> Dear Peter,
>
> Thanks for your reply.
>
> This question arise when I am looking into the finite difference engine, I
> wonder how QuantLib handles accumulated cash flows as in the case of
> equity-linked range accrual notes, where both optionality and cash flow
> exist.
>
> I could not find a clue in the code, or maybe I just missed it. So you can
> take it as a general question.
>
> Yes, as you said, we can do it in either way, the final result (NPV) is the
> same.
>
> But there is one concern for me when pricing the mark to market value of an
> existing trade.
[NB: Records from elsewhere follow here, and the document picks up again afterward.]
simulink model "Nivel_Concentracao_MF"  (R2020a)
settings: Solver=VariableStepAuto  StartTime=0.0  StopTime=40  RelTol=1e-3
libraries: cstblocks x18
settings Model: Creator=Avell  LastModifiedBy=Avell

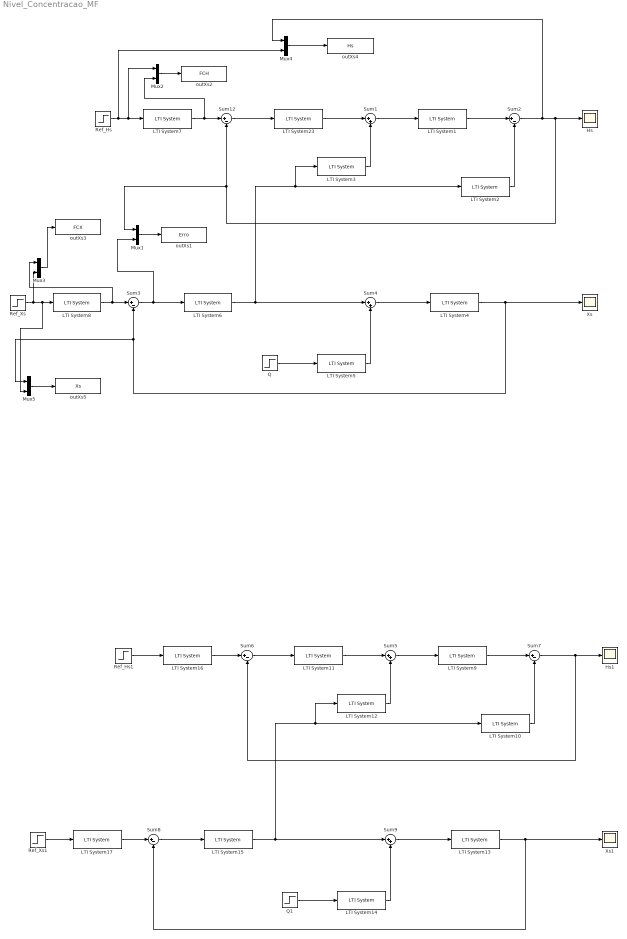
== system Nivel_Concentracao_MF ==
  Hs : Scope
  Hs1 : Scope
  LTI System1 : cstblocks/LTI System  sys=Gh  IC=[]
  LTI System10 : cstblocks/LTI System  sys=Gvc  IC=[]
  LTI System11 : cstblocks/LTI System  sys=CH  IC=[]
  LTI System12 : cstblocks/LTI System  sys=CffV  IC=[]
  LTI System13 : cstblocks/LTI System  sys=Gx  IC=[]
  LTI System14 : cstblocks/LTI System  sys=0.5  IC=[]
  LTI System15 : cstblocks/LTI System  sys=CX  IC=[]
  LTI System16 : cstblocks/LTI System  sys=FCH  IC=[]
  LTI System17 : cstblocks/LTI System  sys=FCX  IC=[]
  LTI System2 : cstblocks/LTI System  sys=Gvc  IC=[]
  LTI System23 : cstblocks/LTI System  sys=CH  IC=[]
  LTI System3 : cstblocks/LTI System  sys=CffV  IC=[]
  LTI System4 : cstblocks/LTI System  sys=Gx  IC=[]
  LTI System5 : cstblocks/LTI System  sys=0.5  IC=[]
  LTI System6 : cstblocks/LTI System  sys=CX  IC=[]
  LTI System7 : cstblocks/LTI System  sys=FCH  IC=[]
  LTI System8 : cstblocks/LTI System  sys=FCX  IC=[]
  LTI System9 : cstblocks/LTI System  sys=Gh  IC=[]
  Mux{1..5} (5 alike) : Mux  Inputs=2
  Q : Step  Time=20  SampleTime=0
  Q1 : Step  Time=20  SampleTime=0
  Ref_Hs : Step  Time=5  SampleTime=0
  Ref_Hs1 : Step  Time=5  SampleTime=0
  Ref_Xs : Step  Time=10  SampleTime=0
  Ref_Xs1 : Step  Time=10  SampleTime=0
  Sum{1,4..5,9} (4 alike) : Sum  Inputs=|++
  Sum{2..3,6..8,12} (6 alike) : Sum  Inputs=|+-
  Xs : Scope
  Xs1 : Scope
  outXs1 : ToWorkspace  VariableName=Erro  SaveFormat=Structure With Time  SampleTime=-1
  outXs2 : ToWorkspace  VariableName=FCH  SaveFormat=Structure With Time  SampleTime=-1
  outXs3 : ToWorkspace  VariableName=FCX  SaveFormat=Structure With Time  SampleTime=-1
  outXs4 : ToWorkspace  VariableName=Hs  SaveFormat=Structure With Time  SampleTime=-1
  outXs5 : ToWorkspace  VariableName=Xs  SaveFormat=Structure With Time  SampleTime=-1
  wires:
  LTI System23/1 -> Sum1/1
  Sum12/1 -> LTI System23/1
  Sum1/1 -> LTI System1/1
  LTI System1/1 -> Sum2/1
  LTI System2/1 -> Sum2/2
  Sum2/1 -> Mux4/1, Mux1/1, Sum12/2, Hs/1
  LTI System3/1 -> Sum1/2
  LTI System6/1 -> Sum4/1, LTI System3/1, LTI System2/1
  LTI System5/1 -> Sum4/2
  Sum3/1 -> Mux1/2, LTI System6/1
  Q/1 -> LTI System5/1
  LTI System7/1 -> Mux2/2, Sum12/1
  Ref_Hs/1 -> Mux4/2, Mux2/1, LTI System7/1
  LTI System8/1 -> Mux3/1, Sum3/1
  LTI System4/1 -> Xs/1, Mux5/1, Sum3/2
  Sum4/1 -> LTI System4/1
  Mux1/1 -> outXs1/1
  Mux2/1 -> outXs2/1
  Mux3/1 -> outXs3/1
  Ref_Xs/1 -> Mux3/2, Mux5/2, LTI System8/1
  Mux4/1 -> outXs4/1
  Mux5/1 -> outXs5/1
  LTI System13/1 -> Xs1/1, Sum8/2
  Sum6/1 -> LTI System11/1
  Sum9/1 -> LTI System13/1
  Sum5/1 -> LTI System9/1
  LTI System14/1 -> Sum9/2
  Ref_Xs1/1 -> LTI System17/1
  Sum8/1 -> LTI System15/1
  LTI System12/1 -> Sum5/2
  LTI System11/1 -> Sum5/1
  LTI System17/1 -> Sum8/1
  Ref_Hs1/1 -> LTI System16/1
  LTI System15/1 -> Sum9/1, LTI System12/1, LTI System10/1
  Q1/1 -> LTI System14/1
  LTI System10/1 -> Sum7/2
  Sum7/1 -> Sum6/2, Hs1/1
  LTI System16/1 -> Sum6/1
  LTI System9/1 -> Sum7/1

If we consider real cash flows at fixing dates only, it may
> have a jump around the fixing dates, which means unusual theta. Otherwise,
> if we consider the cash flow accumulated everyday, the price will be smooth
> accrossing the fixing dates.
>
> Please correct me if i am wrong.
>
> Best regards,
> Henry
>
>
>
>
> 2014/1/10 Peter Caspers <[hidden email]>
>>
>> Hi Henry,
>>
>> is this question related directly to quantlib (if yes, to which part
>> of the code) ?
>>
>> In general (and with the disclaimer that I am not an equity man), I
>> would say the price of one rangelet is uniquely identified as P(0,t_p)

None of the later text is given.